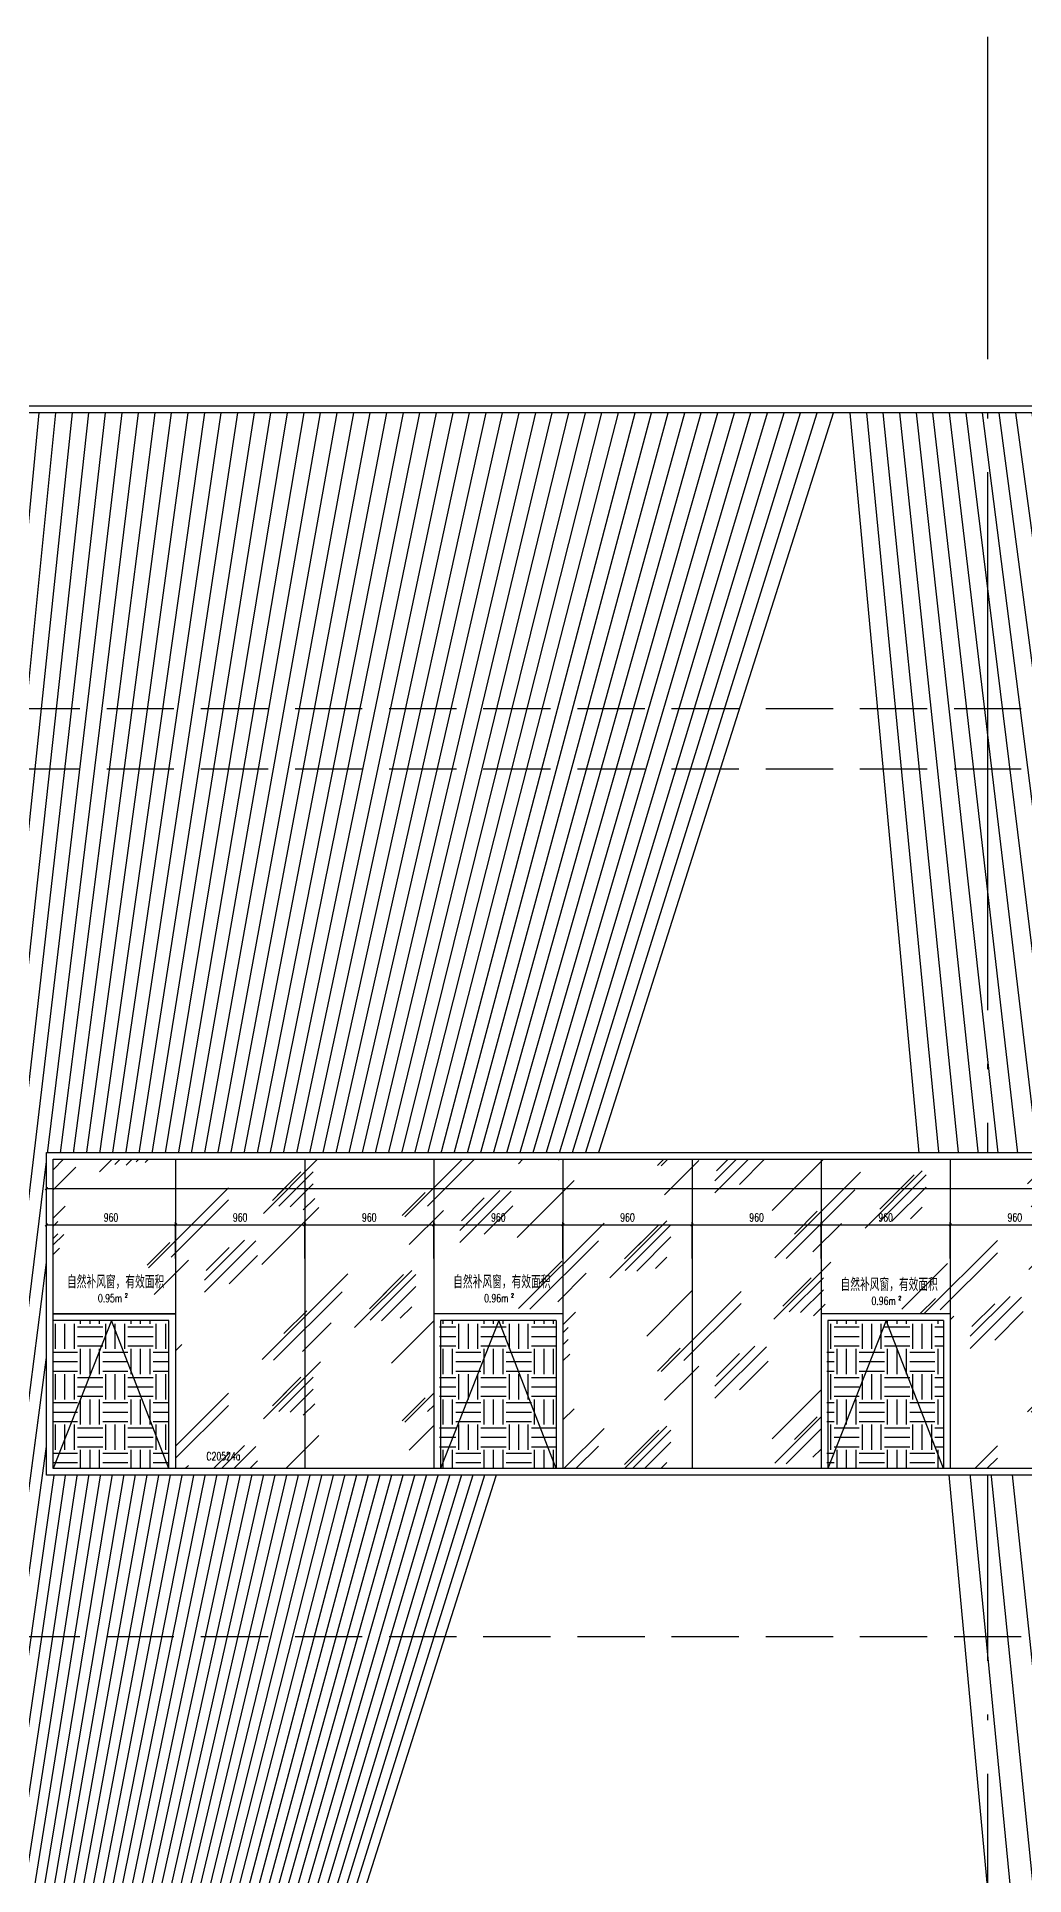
# Model space of a CAD drawing. Extents: x -4210259 to 293730, y -7499 to 868879.
# Drawn here: x 111447 to 118789, y 524813 to 538485 of the extents above; entities that cross this region are included whole.
import ezdxf

# ---------------------------------------------------------------- set-up
doc = ezdxf.new("R2010")
doc.units = 0
doc.header["$LTSCALE"] = 1000
doc.header["$MEASUREMENT"] = 0
doc.linetypes.add('__DASH', pattern=[0.35, 0.25, -0.1])
doc.linetypes.add('DOTE', pattern=[2.4200000000000004, 2, -0.2, 0.02, -0.2])
doc.layers.get('Defpoints').update_dxf_attribs({"color": 210})
for name, color, linetype in [('A-AXIS-DOTE', 14, 'DOTE'), ('A-HATCH-2', 251, 'Continuous'), ('A-LIN-V', 9, 'Continuous'), ('A-WINDOW', 140, 'Continuous'), ('A-门窗表显示尺寸', 160, 'Continuous'), ('SPACE_HATCH', 8, 'Continuous'), ('参考线', 8, 'Continuous')]:
    doc.layers.add(name, color=color, linetype=linetype)
doc.layers.add('A-WALL-HATCH', color=8, linetype='Continuous', lineweight=13)
doc.layers.add('A-加建区域', color=47, linetype='Continuous', plot=False)
doc.styles.add('_TCH_SPACE', font='SIMPLEX', dxfattribs={"height": 5, "bigfont": 'GBCBIG'})
doc.styles.add('A-DIM_T3', font='SIMPLEX', dxfattribs={"width": 0.7058823529411765, "bigfont": 'GBCBIG'})
doc.styles.add('A-STANDARD', font='SIMPLEX', dxfattribs={"bigfont": 'GBCBIG'})
doc.dimstyles.new('A-DIM&&20', dxfattribs={"dimtxt": 59.5, "dimasz": 20, "dimexe": 20, "dimexo": 20, "dimgap": 25.25, "dimtad": 1, "dimdec": 0, "dimzin": 0, "dimdsep": 46, "dimtxsty": 'A-DIM_T3', "dimblk": 'ARCHTICK', "dimcen": 0.09, "dimclrt": 7, "dimazin": 2, "dimtfac": 1, "dimtdec": 0, "dimtix": 1, "dimtmove": 2, "dimatfit": 3, "dimfxl": 0, "dimtolj": 1, "dimtzin": 0, "dimarcsym": 0})
pattern_1 = [(0, (0, 0), (187.5, 187.5), [187.5, -187.5]), (0, (0, 70.3125), (187.5, 187.5), [187.5, -187.5]), (0, (0, 140.625), (187.5, 187.5), [187.5, -187.5]), (90, (23.4375, 164.0625), (-187.5, 187.5), [187.5, -187.5]), (90, (93.75, 164.0625), (-187.5, 187.5), [187.5, -187.5]), (90, (164.0625, 164.0625), (-187.5, 187.5), [187.5, -187.5])]

# ---------------------------------------------------------------- blocks, each defined once
blk = doc.blocks.new('_ArchTick')
at = {"color": 0, "linetype": 'ByBlock', "const_width": 0.4}
blk.add_lwpolyline([(-0.5, -0.5), (0.5, 0.5)], dxfattribs=at)
blk = doc.blocks.new('*D1408')
at = {"layer": 'A-门窗表显示尺寸', "color": 0, "lineweight": -2}
for p, q in [((88599.33238329354, 519122.5479735103), (88599.33238329354, 519390.0000000253)), ((109099.3323832967, 519122.5479735103), (109099.3323832967, 519390.0000000253)), ((88599.33238329354, 519370.0000000253), (109099.3323832967, 519370.0000000253))]:
    blk.add_line(p, q, dxfattribs=at)
at = {"layer": 'Defpoints', "color": 0}
for p in [(109099.3323832967, 519370.0000000253), (88599.33238329354, 519102.5479735103), (109099.3323832967, 519102.5479735103)]:
    blk.add_point(p, dxfattribs=at)
at = {"layer": 'A-门窗表显示尺寸', "color": 0, "lineweight": -2, "xscale": 20, "yscale": 20, "zscale": 20, "rotation": 180}
blk.add_blockref('_ArchTick', (88599.33238329354, 519370.0000000253), dxfattribs=at)
at = {"layer": 'A-门窗表显示尺寸', "color": 0, "lineweight": -2, "xscale": 20, "yscale": 20, "zscale": 20}
blk.add_blockref('_ArchTick', (109099.3323832967, 519370.0000000253), dxfattribs=at)
at = {"layer": 'A-门窗表显示尺寸', "color": 7, "insert": (98849.33238329511, 519425.0000000253), "char_height": 59.5, "attachment_point": 5, "style": 'A-DIM_T3'}
blk.add_mtext('\\A1;20500', dxfattribs=at)
blk = doc.blocks.new('*D1423')
at = {"layer": 'A-门窗表显示尺寸', "color": 0, "lineweight": -2}
for p, q in [((95319.33238329779, 518850.0000000252), (95319.33238329779, 519120.0000000253)), ((96279.33238329762, 518850.0000000252), (96279.33238329762, 519120.0000000253)), ((95319.33238329779, 519100.0000000253), (96279.33238329762, 519100.0000000253))]:
    blk.add_line(p, q, dxfattribs=at)
at = {"layer": 'Defpoints', "color": 0}
for p in [(96279.33238329762, 519100.0000000253), (95319.33238329779, 518830.0000000252), (96279.33238329762, 518830.0000000252)]:
    blk.add_point(p, dxfattribs=at)
at = {"layer": 'A-门窗表显示尺寸', "color": 0, "lineweight": -2, "xscale": 20, "yscale": 20, "zscale": 20, "rotation": 180}
blk.add_blockref('_ArchTick', (95319.33238329779, 519100.0000000253), dxfattribs=at)
at = {"layer": 'A-门窗表显示尺寸', "color": 0, "lineweight": -2, "xscale": 20, "yscale": 20, "zscale": 20}
blk.add_blockref('_ArchTick', (96279.33238329762, 519100.0000000253), dxfattribs=at)
at = {"layer": 'A-门窗表显示尺寸', "color": 7, "insert": (95799.3323832977, 519155.0000000253), "char_height": 59.5, "attachment_point": 5, "style": 'A-DIM_T3'}
blk.add_mtext('\\A1;960', dxfattribs=at)
blk = doc.blocks.new('*D1424')
at = {"layer": 'A-门窗表显示尺寸', "color": 0, "lineweight": -2}
for p, q in [((94359.33238329762, 518850.0000000252), (94359.33238329762, 519120.0000000253)), ((95319.33238329779, 518850.0000000252), (95319.33238329779, 519120.0000000253)), ((94359.33238329762, 519100.0000000253), (95319.33238329779, 519100.0000000253))]:
    blk.add_line(p, q, dxfattribs=at)
at = {"layer": 'Defpoints', "color": 0}
for p in [(95319.33238329779, 519100.0000000253), (94359.33238329762, 518830.0000000252), (95319.33238329779, 518830.0000000252)]:
    blk.add_point(p, dxfattribs=at)
at = {"layer": 'A-门窗表显示尺寸', "color": 0, "lineweight": -2, "xscale": 20, "yscale": 20, "zscale": 20, "rotation": 180}
blk.add_blockref('_ArchTick', (94359.33238329762, 519100.0000000253), dxfattribs=at)
at = {"layer": 'A-门窗表显示尺寸', "color": 0, "lineweight": -2, "xscale": 20, "yscale": 20, "zscale": 20}
blk.add_blockref('_ArchTick', (95319.33238329779, 519100.0000000253), dxfattribs=at)
at = {"layer": 'A-门窗表显示尺寸', "color": 7, "insert": (94839.3323832977, 519155.0000000253), "char_height": 59.5, "attachment_point": 5, "style": 'A-DIM_T3'}
blk.add_mtext('\\A1;960', dxfattribs=at)
blk = doc.blocks.new('*D1425')
at = {"layer": 'A-门窗表显示尺寸', "color": 0, "lineweight": -2}
for p, q in [((93399.33238329782, 518850.0000000252), (93399.33238329782, 519120.0000000253)), ((94359.33238329762, 518850.0000000252), (94359.33238329762, 519120.0000000253)), ((93399.33238329782, 519100.0000000253), (94359.33238329762, 519100.0000000253))]:
    blk.add_line(p, q, dxfattribs=at)
at = {"layer": 'Defpoints', "color": 0}
for p in [(94359.33238329762, 519100.0000000253), (93399.33238329782, 518830.0000000252), (94359.33238329762, 518830.0000000252)]:
    blk.add_point(p, dxfattribs=at)
at = {"layer": 'A-门窗表显示尺寸', "color": 0, "lineweight": -2, "xscale": 20, "yscale": 20, "zscale": 20, "rotation": 180}
blk.add_blockref('_ArchTick', (93399.33238329782, 519100.0000000253), dxfattribs=at)
at = {"layer": 'A-门窗表显示尺寸', "color": 0, "lineweight": -2, "xscale": 20, "yscale": 20, "zscale": 20}
blk.add_blockref('_ArchTick', (94359.33238329762, 519100.0000000253), dxfattribs=at)
at = {"layer": 'A-门窗表显示尺寸', "color": 7, "insert": (93879.33238329772, 519155.0000000253), "char_height": 59.5, "attachment_point": 5, "style": 'A-DIM_T3'}
blk.add_mtext('\\A1;960', dxfattribs=at)
blk = doc.blocks.new('*D1426')
at = {"layer": 'A-门窗表显示尺寸', "color": 0, "lineweight": -2}
for p, q in [((92439.33238329797, 518850.0000000252), (92439.33238329797, 519120.0000000253)), ((93399.33238329782, 518850.0000000252), (93399.33238329782, 519120.0000000253)), ((92439.33238329797, 519100.0000000253), (93399.33238329782, 519100.0000000253))]:
    blk.add_line(p, q, dxfattribs=at)
at = {"layer": 'Defpoints', "color": 0}
for p in [(93399.33238329782, 519100.0000000253), (92439.33238329797, 518830.0000000252), (93399.33238329782, 518830.0000000252)]:
    blk.add_point(p, dxfattribs=at)
at = {"layer": 'A-门窗表显示尺寸', "color": 0, "lineweight": -2, "xscale": 20, "yscale": 20, "zscale": 20, "rotation": 180}
blk.add_blockref('_ArchTick', (92439.33238329797, 519100.0000000253), dxfattribs=at)
at = {"layer": 'A-门窗表显示尺寸', "color": 0, "lineweight": -2, "xscale": 20, "yscale": 20, "zscale": 20}
blk.add_blockref('_ArchTick', (93399.33238329782, 519100.0000000253), dxfattribs=at)
at = {"layer": 'A-门窗表显示尺寸', "color": 7, "insert": (92919.3323832979, 519155.0000000253), "char_height": 59.5, "attachment_point": 5, "style": 'A-DIM_T3'}
blk.add_mtext('\\A1;960', dxfattribs=at)
blk = doc.blocks.new('*D1427')
at = {"layer": 'A-门窗表显示尺寸', "color": 0, "lineweight": -2}
for p, q in [((91479.33238329759, 518850.0000000252), (91479.33238329759, 519120.0000000253)), ((92439.33238329797, 518850.0000000252), (92439.33238329797, 519120.0000000253)), ((91479.33238329759, 519100.0000000253), (92439.33238329797, 519100.0000000253))]:
    blk.add_line(p, q, dxfattribs=at)
at = {"layer": 'Defpoints', "color": 0}
for p in [(92439.33238329797, 519100.0000000253), (91479.33238329759, 518830.0000000252), (92439.33238329797, 518830.0000000252)]:
    blk.add_point(p, dxfattribs=at)
at = {"layer": 'A-门窗表显示尺寸', "color": 0, "lineweight": -2, "xscale": 20, "yscale": 20, "zscale": 20, "rotation": 180}
blk.add_blockref('_ArchTick', (91479.33238329759, 519100.0000000253), dxfattribs=at)
at = {"layer": 'A-门窗表显示尺寸', "color": 0, "lineweight": -2, "xscale": 20, "yscale": 20, "zscale": 20}
blk.add_blockref('_ArchTick', (92439.33238329797, 519100.0000000253), dxfattribs=at)
at = {"layer": 'A-门窗表显示尺寸', "color": 7, "insert": (91959.33238329778, 519155.0000000253), "char_height": 59.5, "attachment_point": 5, "style": 'A-DIM_T3'}
blk.add_mtext('\\A1;960', dxfattribs=at)
blk = doc.blocks.new('*D1428')
at = {"layer": 'A-门窗表显示尺寸', "color": 0, "lineweight": -2}
for p, q in [((90519.33238329756, 518850.0000000252), (90519.33238329756, 519120.0000000253)), ((91479.33238329759, 518850.0000000252), (91479.33238329759, 519120.0000000253)), ((90519.33238329756, 519100.0000000253), (91479.33238329759, 519100.0000000253))]:
    blk.add_line(p, q, dxfattribs=at)
at = {"layer": 'Defpoints', "color": 0}
for p in [(91479.33238329759, 519100.0000000253), (90519.33238329756, 518830.0000000252), (91479.33238329759, 518830.0000000252)]:
    blk.add_point(p, dxfattribs=at)
at = {"layer": 'A-门窗表显示尺寸', "color": 0, "lineweight": -2, "xscale": 20, "yscale": 20, "zscale": 20, "rotation": 180}
blk.add_blockref('_ArchTick', (90519.33238329756, 519100.0000000253), dxfattribs=at)
at = {"layer": 'A-门窗表显示尺寸', "color": 0, "lineweight": -2, "xscale": 20, "yscale": 20, "zscale": 20}
blk.add_blockref('_ArchTick', (91479.33238329759, 519100.0000000253), dxfattribs=at)
at = {"layer": 'A-门窗表显示尺寸', "color": 7, "insert": (90999.33238329757, 519155.0000000253), "char_height": 59.5, "attachment_point": 5, "style": 'A-DIM_T3'}
blk.add_mtext('\\A1;960', dxfattribs=at)
blk = doc.blocks.new('*D1429')
at = {"layer": 'A-门窗表显示尺寸', "color": 0, "lineweight": -2}
for p, q in [((89559.33238329765, 518850.0000000252), (89559.33238329765, 519120.0000000253)), ((90519.33238329756, 518850.0000000252), (90519.33238329756, 519120.0000000253)), ((89559.33238329765, 519100.0000000253), (90519.33238329756, 519100.0000000253))]:
    blk.add_line(p, q, dxfattribs=at)
at = {"layer": 'Defpoints', "color": 0}
for p in [(90519.33238329756, 519100.0000000253), (89559.33238329765, 518830.0000000252), (90519.33238329756, 518830.0000000252)]:
    blk.add_point(p, dxfattribs=at)
at = {"layer": 'A-门窗表显示尺寸', "color": 0, "lineweight": -2, "xscale": 20, "yscale": 20, "zscale": 20, "rotation": 180}
blk.add_blockref('_ArchTick', (89559.33238329765, 519100.0000000253), dxfattribs=at)
at = {"layer": 'A-门窗表显示尺寸', "color": 0, "lineweight": -2, "xscale": 20, "yscale": 20, "zscale": 20}
blk.add_blockref('_ArchTick', (90519.33238329756, 519100.0000000253), dxfattribs=at)
at = {"layer": 'A-门窗表显示尺寸', "color": 7, "insert": (90039.3323832976, 519155.0000000253), "char_height": 59.5, "attachment_point": 5, "style": 'A-DIM_T3'}
blk.add_mtext('\\A1;960', dxfattribs=at)
blk = doc.blocks.new('*D1430')
at = {"layer": 'A-门窗表显示尺寸', "color": 0, "lineweight": -2}
for p, q in [((88599.33238329348, 518850.0000000252), (88599.33238329348, 519120.0000000253)), ((89559.33238329765, 518850.0000000252), (89559.33238329765, 519120.0000000253)), ((88599.33238329348, 519100.0000000253), (89559.33238329765, 519100.0000000253))]:
    blk.add_line(p, q, dxfattribs=at)
at = {"layer": 'Defpoints', "color": 0}
for p in [(89559.33238329765, 519100.0000000253), (88599.33238329348, 518830.0000000252), (89559.33238329765, 518830.0000000252)]:
    blk.add_point(p, dxfattribs=at)
at = {"layer": 'A-门窗表显示尺寸', "color": 0, "lineweight": -2, "xscale": 20, "yscale": 20, "zscale": 20, "rotation": 180}
blk.add_blockref('_ArchTick', (88599.33238329348, 519100.0000000253), dxfattribs=at)
at = {"layer": 'A-门窗表显示尺寸', "color": 0, "lineweight": -2, "xscale": 20, "yscale": 20, "zscale": 20}
blk.add_blockref('_ArchTick', (89559.33238329765, 519100.0000000253), dxfattribs=at)
at = {"layer": 'A-门窗表显示尺寸', "color": 7, "insert": (89079.33238329556, 519155.0000000253), "char_height": 59.5, "attachment_point": 5, "style": 'A-DIM_T3'}
blk.add_mtext('\\A1;960', dxfattribs=at)
blk = doc.blocks.new('ber5465')
blk.add_wipeout([(88599.33238329344, 517237.4520265405), (109099.33238329667, 517237.4520265172), (109099.33238329669, 519637.4520265405), (88599.33238329343, 519637.4520265404)]).dxf.layer = '参考线'
at = {"layer": 'A-WALL-HATCH'}
h = blk.add_hatch(dxfattribs=at)
h.set_pattern_fill('玻璃2', color=256, scale=100, angle=180)
h.set_pattern_definition([(225, (298278.6647665882, -10610.00000000844), (-1.870465081468666e-13, -1527.350647362943), [600, -360, 600, -360, 240, -523.28157]), (225, (298308.6647665882, -10640.00000000844), (-1.870465081468666e-13, -1527.350647362943), [480, -600, 360, -360, 420, -463.28157]), (225, (298308.6647665882, -10730.00000000844), (-1.870465081468666e-13, -1527.350647362943), [360, -720, 240, -360, 540, -463.28157]), (225, (298218.6647665882, -10640.00000000844), (-1.870465081468666e-13, -1527.350647362943), [360, -720, 300, -1303.2815]), (225, (298128.6647665882, -10730.00000000844), (-1.870465081468666e-13, -1527.350647362943), [180, -900, 120, -1483.2815]), (225, (298278.6647665882, -10880.00000000844), (-1.870465081468666e-13, -1527.350647362943), [120, -900, 120, -480, 300, -763.2815700000001]), (225, (297738.6647665882, -10790.00000000844), (-1.870465081468666e-13, -1527.350647362943), [600, -900, 720, -475.28157]), (225, (297738.6647665882, -10700.00000000844), (-1.870465081468666e-13, -1527.350647362943), [840, -600, 900, -355.28157]), (225, (297588.6647665882, -10820.00000000844), (2.078294534965184e-13, 1697.056274847714), [600, -840, 480, -763.2815700000001]), (225, (297678.6647665882, -11000.00000000844), (-1.870465081468666e-13, -1527.350647362943), [300, -1200, 360, -823.2815700000001]), (225, (297498.6647665882, -10910.00000000844), (-1.870465081468666e-13, -1527.350647362943), [240, -1200, 240, -1003.2815])])
h.paths.add_polyline_path([(108139.332382992, 518437.4520265397), (109049.3323832967, 518437.4520265397), (109049.3323832967, 519587.4520265404), (88649.33238329343, 519587.4520265404), (88649.33238329217, 518437.4520265278), (89559.33238329715, 518437.4520265279), (89559.3323832984, 517287.4520265392), (91479.3323832984, 517287.4520265369), (91479.3323832984, 518437.4520265139), (92439.3323832971, 518437.4520265139), (92439.33238329712, 517287.4520265358), (94359.3323832971, 517287.4520265336), (94359.3323832971, 518437.4520265241), (95319.3323832984, 518437.4520265241), (95319.3323832984, 517287.4520265326), (98199.33238329843, 517287.4520265293), (98199.3323832984, 518437.4520265284), (99499.33238329313, 518437.4520265282), (99499.33238329316, 517287.4520265278), (102379.3323832931, 517287.4520265246), (102379.3323832931, 518437.4520265251), (103339.3323832918, 518437.4520265251), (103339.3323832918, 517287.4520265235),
◆ ◆ ◆ ◆
> _WHAT IS NEEDED_: Up to and including the line that contains "blk.add_lwpolyline([(-0.5, -0.5), (0.5, 0.5)], dxfattribs=at)", print the records above exactly from their first line, without any pictures.

> _SOLUTION TO THIS TASK_:
# Model space of a CAD drawing. Extents: x -4210259 to 293730, y -7499 to 868879.
# Drawn here: x 111447 to 118789, y 524813 to 538485 of the extents above; entities that cross this region are included whole.
import ezdxf

# ---------------------------------------------------------------- set-up
doc = ezdxf.new("R2010")
doc.units = 0
doc.header["$LTSCALE"] = 1000
doc.header["$MEASUREMENT"] = 0
doc.linetypes.add('__DASH', pattern=[0.35, 0.25, -0.1])
doc.linetypes.add('DOTE', pattern=[2.4200000000000004, 2, -0.2, 0.02, -0.2])
doc.layers.get('Defpoints').update_dxf_attribs({"color": 210})
for name, color, linetype in [('A-AXIS-DOTE', 14, 'DOTE'), ('A-HATCH-2', 251, 'Continuous'), ('A-LIN-V', 9, 'Continuous'), ('A-WINDOW', 140, 'Continuous'), ('A-门窗表显示尺寸', 160, 'Continuous'), ('SPACE_HATCH', 8, 'Continuous'), ('参考线', 8, 'Continuous')]:
    doc.layers.add(name, color=color, linetype=linetype)
doc.layers.add('A-WALL-HATCH', color=8, linetype='Continuous', lineweight=13)
doc.layers.add('A-加建区域', color=47, linetype='Continuous', plot=False)
doc.styles.add('_TCH_SPACE', font='SIMPLEX', dxfattribs={"height": 5, "bigfont": 'GBCBIG'})
doc.styles.add('A-DIM_T3', font='SIMPLEX', dxfattribs={"width": 0.7058823529411765, "bigfont": 'GBCBIG'})
doc.styles.add('A-STANDARD', font='SIMPLEX', dxfattribs={"bigfont": 'GBCBIG'})
doc.dimstyles.new('A-DIM&&20', dxfattribs={"dimtxt": 59.5, "dimasz": 20, "dimexe": 20, "dimexo": 20, "dimgap": 25.25, "dimtad": 1, "dimdec": 0, "dimzin": 0, "dimdsep": 46, "dimtxsty": 'A-DIM_T3', "dimblk": 'ARCHTICK', "dimcen": 0.09, "dimclrt": 7, "dimazin": 2, "dimtfac": 1, "dimtdec": 0, "dimtix": 1, "dimtmove": 2, "dimatfit": 3, "dimfxl": 0, "dimtolj": 1, "dimtzin": 0, "dimarcsym": 0})
pattern_1 = [(0, (0, 0), (187.5, 187.5), [187.5, -187.5]), (0, (0, 70.3125), (187.5, 187.5), [187.5, -187.5]), (0, (0, 140.625), (187.5, 187.5), [187.5, -187.5]), (90, (23.4375, 164.0625), (-187.5, 187.5), [187.5, -187.5]), (90, (93.75, 164.0625), (-187.5, 187.5), [187.5, -187.5]), (90, (164.0625, 164.0625), (-187.5, 187.5), [187.5, -187.5])]

# ---------------------------------------------------------------- blocks, each defined once
blk = doc.blocks.new('_ArchTick')
at = {"color": 0, "linetype": 'ByBlock', "const_width": 0.4}
blk.add_lwpolyline([(-0.5, -0.5), (0.5, 0.5)], dxfattribs=at)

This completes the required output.